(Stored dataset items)
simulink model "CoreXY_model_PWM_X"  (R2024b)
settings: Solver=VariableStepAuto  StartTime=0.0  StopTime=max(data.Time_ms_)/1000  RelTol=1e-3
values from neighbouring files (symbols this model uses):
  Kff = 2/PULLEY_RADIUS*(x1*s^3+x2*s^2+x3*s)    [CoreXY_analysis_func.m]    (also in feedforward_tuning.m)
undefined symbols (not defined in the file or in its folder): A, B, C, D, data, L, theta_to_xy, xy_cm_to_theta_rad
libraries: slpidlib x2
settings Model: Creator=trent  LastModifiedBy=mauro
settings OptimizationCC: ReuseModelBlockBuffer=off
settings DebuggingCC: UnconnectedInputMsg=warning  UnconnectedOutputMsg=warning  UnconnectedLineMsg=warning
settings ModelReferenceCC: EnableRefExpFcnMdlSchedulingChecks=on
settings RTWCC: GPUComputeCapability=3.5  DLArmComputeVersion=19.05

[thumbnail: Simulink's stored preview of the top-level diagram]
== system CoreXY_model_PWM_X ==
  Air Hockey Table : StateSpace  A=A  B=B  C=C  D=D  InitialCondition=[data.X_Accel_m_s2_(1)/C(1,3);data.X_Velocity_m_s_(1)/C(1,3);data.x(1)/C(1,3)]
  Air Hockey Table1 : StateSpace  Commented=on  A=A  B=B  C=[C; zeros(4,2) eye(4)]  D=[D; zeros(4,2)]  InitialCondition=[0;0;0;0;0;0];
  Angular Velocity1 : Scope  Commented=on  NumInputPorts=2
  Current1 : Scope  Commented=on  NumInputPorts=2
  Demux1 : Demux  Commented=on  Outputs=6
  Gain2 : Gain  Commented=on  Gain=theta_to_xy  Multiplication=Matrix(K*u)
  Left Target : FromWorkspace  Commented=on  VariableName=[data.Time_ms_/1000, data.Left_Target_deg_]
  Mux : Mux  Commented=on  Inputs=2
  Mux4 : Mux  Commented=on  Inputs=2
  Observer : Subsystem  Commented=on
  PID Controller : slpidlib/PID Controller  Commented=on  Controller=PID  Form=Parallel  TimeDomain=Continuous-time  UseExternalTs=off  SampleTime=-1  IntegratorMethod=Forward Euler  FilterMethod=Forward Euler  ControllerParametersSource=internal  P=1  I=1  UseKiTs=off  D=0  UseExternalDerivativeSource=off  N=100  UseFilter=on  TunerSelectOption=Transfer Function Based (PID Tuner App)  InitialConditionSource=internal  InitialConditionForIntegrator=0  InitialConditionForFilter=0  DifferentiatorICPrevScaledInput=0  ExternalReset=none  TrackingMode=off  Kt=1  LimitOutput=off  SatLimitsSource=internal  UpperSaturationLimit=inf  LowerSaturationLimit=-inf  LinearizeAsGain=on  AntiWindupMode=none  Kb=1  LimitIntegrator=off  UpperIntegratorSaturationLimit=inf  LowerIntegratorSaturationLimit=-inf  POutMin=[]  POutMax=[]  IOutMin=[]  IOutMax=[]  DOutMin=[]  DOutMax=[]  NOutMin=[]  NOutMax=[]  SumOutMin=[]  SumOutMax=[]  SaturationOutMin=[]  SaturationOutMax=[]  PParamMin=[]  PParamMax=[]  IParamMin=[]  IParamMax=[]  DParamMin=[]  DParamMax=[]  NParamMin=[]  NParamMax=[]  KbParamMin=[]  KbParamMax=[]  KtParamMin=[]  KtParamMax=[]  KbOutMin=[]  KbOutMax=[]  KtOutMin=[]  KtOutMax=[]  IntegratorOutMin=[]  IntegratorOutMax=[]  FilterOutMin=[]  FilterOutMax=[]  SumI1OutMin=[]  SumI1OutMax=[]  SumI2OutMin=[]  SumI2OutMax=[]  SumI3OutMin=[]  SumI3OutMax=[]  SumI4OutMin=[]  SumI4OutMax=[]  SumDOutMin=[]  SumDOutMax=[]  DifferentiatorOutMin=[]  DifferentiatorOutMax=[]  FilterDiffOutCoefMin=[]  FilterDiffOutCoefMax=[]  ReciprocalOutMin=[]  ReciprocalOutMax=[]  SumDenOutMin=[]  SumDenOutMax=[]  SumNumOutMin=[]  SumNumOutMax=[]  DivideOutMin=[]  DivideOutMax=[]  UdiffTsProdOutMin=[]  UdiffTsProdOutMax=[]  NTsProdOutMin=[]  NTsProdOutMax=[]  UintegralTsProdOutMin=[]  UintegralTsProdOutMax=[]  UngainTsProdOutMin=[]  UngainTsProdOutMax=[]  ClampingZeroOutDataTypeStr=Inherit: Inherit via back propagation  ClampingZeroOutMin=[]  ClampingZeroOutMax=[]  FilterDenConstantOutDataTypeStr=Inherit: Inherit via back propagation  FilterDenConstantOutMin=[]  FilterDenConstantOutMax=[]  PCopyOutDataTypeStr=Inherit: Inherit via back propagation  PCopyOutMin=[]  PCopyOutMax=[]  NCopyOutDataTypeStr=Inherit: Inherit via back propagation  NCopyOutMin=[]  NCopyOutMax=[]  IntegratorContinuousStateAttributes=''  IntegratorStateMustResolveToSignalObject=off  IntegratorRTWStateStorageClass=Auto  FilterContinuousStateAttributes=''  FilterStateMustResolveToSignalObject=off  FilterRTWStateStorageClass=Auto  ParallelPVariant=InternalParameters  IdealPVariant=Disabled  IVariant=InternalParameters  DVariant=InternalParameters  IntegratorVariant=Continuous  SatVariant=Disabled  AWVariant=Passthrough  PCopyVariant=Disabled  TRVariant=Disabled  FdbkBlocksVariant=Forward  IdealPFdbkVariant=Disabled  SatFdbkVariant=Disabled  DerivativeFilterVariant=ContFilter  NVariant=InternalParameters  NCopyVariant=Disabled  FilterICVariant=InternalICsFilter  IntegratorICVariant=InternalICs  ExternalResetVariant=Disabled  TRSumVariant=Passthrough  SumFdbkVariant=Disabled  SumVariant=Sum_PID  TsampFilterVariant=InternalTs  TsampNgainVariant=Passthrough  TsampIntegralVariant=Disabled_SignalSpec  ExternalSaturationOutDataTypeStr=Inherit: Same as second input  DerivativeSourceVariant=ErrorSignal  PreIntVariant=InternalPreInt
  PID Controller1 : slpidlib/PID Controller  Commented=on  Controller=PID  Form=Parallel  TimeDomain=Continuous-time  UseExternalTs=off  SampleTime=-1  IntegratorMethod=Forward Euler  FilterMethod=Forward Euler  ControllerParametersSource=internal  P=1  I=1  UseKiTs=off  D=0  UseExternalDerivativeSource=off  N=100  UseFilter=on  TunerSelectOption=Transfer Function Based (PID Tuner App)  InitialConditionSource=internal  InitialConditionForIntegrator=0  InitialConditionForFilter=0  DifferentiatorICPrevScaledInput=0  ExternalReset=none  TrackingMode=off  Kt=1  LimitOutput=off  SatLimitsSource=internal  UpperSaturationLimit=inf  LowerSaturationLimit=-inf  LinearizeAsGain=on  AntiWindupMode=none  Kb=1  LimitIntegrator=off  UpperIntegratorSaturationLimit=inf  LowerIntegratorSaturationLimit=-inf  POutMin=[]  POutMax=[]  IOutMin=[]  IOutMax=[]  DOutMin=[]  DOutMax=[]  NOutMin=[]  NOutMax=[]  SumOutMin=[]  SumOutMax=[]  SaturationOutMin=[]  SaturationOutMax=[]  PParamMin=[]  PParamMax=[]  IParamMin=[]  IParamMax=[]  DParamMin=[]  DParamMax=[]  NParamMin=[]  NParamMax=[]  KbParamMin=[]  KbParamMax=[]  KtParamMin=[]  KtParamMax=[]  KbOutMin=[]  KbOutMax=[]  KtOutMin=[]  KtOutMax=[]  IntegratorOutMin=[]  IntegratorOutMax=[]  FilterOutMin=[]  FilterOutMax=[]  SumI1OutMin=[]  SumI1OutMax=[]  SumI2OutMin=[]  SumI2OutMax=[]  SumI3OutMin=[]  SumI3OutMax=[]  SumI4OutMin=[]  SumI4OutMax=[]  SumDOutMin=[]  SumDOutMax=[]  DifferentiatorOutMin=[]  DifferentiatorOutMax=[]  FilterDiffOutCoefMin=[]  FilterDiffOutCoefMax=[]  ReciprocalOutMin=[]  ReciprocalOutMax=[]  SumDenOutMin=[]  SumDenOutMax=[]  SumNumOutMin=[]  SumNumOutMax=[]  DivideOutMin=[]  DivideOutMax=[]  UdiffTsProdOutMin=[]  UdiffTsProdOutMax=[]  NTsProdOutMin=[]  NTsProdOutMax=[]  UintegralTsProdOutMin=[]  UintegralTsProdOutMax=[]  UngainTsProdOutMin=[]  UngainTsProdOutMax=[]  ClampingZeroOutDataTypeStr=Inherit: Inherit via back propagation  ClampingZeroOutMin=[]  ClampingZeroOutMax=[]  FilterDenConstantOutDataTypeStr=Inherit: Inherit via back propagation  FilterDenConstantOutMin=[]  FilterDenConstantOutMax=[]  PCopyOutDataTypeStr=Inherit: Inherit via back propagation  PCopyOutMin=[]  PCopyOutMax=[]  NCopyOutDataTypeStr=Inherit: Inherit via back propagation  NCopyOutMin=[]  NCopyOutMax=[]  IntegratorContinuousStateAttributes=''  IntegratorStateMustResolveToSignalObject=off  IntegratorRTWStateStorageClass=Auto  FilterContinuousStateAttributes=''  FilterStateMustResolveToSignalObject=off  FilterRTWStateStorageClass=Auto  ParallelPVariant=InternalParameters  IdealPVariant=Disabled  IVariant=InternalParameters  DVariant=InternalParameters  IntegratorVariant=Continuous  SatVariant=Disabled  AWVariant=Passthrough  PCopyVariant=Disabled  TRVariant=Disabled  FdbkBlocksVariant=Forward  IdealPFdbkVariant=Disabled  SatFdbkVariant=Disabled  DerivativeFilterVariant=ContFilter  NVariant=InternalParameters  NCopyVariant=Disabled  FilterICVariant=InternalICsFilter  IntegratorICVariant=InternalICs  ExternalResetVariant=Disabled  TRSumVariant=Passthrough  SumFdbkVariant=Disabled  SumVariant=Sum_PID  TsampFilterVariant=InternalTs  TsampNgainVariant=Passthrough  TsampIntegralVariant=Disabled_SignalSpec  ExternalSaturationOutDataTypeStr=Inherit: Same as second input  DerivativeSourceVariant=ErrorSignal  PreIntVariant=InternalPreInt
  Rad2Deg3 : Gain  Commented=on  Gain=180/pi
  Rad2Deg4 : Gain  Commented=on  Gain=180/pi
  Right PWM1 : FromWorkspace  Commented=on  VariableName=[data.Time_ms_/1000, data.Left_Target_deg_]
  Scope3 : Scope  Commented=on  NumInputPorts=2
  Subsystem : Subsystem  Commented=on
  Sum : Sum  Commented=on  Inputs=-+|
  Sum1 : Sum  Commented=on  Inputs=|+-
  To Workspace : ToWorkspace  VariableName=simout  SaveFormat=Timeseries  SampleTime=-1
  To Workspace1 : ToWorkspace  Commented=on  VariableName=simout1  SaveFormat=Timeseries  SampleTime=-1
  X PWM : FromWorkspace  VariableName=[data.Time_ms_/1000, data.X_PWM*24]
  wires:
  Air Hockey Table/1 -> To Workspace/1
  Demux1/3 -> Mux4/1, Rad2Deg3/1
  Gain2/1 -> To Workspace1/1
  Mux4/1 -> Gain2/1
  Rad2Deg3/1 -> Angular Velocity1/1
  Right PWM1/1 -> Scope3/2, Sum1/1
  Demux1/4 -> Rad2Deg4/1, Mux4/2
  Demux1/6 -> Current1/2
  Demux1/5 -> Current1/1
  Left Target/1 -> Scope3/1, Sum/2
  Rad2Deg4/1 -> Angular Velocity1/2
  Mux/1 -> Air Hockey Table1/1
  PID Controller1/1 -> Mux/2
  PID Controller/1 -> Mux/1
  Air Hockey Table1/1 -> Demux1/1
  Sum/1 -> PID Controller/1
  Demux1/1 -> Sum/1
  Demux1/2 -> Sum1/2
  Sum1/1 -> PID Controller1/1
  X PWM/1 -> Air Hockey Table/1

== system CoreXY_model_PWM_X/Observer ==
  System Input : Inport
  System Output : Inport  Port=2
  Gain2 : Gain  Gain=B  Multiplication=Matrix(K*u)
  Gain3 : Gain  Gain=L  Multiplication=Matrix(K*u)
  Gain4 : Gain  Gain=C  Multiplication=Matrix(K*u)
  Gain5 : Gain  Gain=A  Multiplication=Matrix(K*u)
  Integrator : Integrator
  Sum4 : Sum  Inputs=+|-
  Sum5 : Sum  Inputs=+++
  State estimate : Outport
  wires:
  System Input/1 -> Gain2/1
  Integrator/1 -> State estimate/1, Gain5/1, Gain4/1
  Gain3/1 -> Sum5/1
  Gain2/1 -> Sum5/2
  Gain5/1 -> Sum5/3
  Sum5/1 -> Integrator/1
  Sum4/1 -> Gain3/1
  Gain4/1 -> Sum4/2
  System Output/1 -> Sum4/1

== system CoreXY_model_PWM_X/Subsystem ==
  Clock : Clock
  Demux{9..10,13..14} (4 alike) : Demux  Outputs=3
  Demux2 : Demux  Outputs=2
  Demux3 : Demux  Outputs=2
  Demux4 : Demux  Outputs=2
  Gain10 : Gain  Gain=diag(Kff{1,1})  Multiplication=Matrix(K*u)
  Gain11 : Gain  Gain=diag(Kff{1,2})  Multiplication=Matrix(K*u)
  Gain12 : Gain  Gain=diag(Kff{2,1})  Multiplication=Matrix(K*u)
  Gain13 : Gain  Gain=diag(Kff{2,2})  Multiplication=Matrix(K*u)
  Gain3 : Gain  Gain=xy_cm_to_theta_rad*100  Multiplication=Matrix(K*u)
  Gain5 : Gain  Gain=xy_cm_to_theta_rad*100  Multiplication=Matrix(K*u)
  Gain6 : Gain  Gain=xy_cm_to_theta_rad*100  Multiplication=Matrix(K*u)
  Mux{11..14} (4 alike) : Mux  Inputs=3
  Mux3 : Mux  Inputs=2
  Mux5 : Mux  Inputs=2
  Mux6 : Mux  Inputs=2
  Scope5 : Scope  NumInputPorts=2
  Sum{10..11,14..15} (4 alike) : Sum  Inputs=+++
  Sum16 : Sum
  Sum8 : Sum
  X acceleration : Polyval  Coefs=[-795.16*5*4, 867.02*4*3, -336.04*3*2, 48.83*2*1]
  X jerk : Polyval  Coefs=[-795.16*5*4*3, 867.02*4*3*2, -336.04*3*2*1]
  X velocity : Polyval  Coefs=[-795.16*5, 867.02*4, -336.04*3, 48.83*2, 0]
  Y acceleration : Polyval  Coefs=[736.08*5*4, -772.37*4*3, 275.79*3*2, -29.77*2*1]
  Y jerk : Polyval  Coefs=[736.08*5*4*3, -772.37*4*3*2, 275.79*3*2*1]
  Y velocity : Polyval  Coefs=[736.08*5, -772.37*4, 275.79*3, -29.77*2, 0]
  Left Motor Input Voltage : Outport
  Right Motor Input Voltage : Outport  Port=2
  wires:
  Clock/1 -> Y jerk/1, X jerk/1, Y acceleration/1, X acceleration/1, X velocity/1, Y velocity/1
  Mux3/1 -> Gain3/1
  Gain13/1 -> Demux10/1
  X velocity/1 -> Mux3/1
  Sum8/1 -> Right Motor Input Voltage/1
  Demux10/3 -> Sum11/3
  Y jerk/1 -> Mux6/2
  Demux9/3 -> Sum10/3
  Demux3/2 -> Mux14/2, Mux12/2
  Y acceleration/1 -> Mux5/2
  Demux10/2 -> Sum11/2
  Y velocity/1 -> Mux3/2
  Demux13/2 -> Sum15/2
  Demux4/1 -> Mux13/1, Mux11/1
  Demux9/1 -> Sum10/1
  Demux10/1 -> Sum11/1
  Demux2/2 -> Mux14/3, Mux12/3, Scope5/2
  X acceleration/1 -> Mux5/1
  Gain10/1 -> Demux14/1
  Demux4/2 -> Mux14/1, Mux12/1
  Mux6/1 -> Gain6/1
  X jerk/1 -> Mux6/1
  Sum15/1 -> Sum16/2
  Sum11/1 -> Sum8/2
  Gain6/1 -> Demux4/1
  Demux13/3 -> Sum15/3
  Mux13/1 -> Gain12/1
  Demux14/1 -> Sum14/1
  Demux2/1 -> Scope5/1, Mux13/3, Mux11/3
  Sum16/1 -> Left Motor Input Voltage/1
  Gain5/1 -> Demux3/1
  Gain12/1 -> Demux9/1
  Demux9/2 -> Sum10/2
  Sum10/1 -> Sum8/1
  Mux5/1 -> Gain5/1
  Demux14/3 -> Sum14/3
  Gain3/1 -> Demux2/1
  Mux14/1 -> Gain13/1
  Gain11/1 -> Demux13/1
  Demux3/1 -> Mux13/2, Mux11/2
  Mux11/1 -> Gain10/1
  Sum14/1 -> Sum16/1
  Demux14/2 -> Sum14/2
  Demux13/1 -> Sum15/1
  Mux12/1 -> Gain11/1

■ What the exercise asks
Only the lines above from the line with "Mux6/1 -> Gain6/1" to the line with "Sum16/1 -> Left Motor Input Voltage/1", those two lines included, should be reproduced exactly.

■ Solved exercise
  Mux6/1 -> Gain6/1
  X jerk/1 -> Mux6/1
  Sum15/1 -> Sum16/2
  Sum11/1 -> Sum8/2
  Gain6/1 -> Demux4/1
  Demux13/3 -> Sum15/3
  Mux13/1 -> Gain12/1
  Demux14/1 -> Sum14/1
  Demux2/1 -> Scope5/1, Mux13/3, Mux11/3
  Sum16/1 -> Left Motor Input Voltage/1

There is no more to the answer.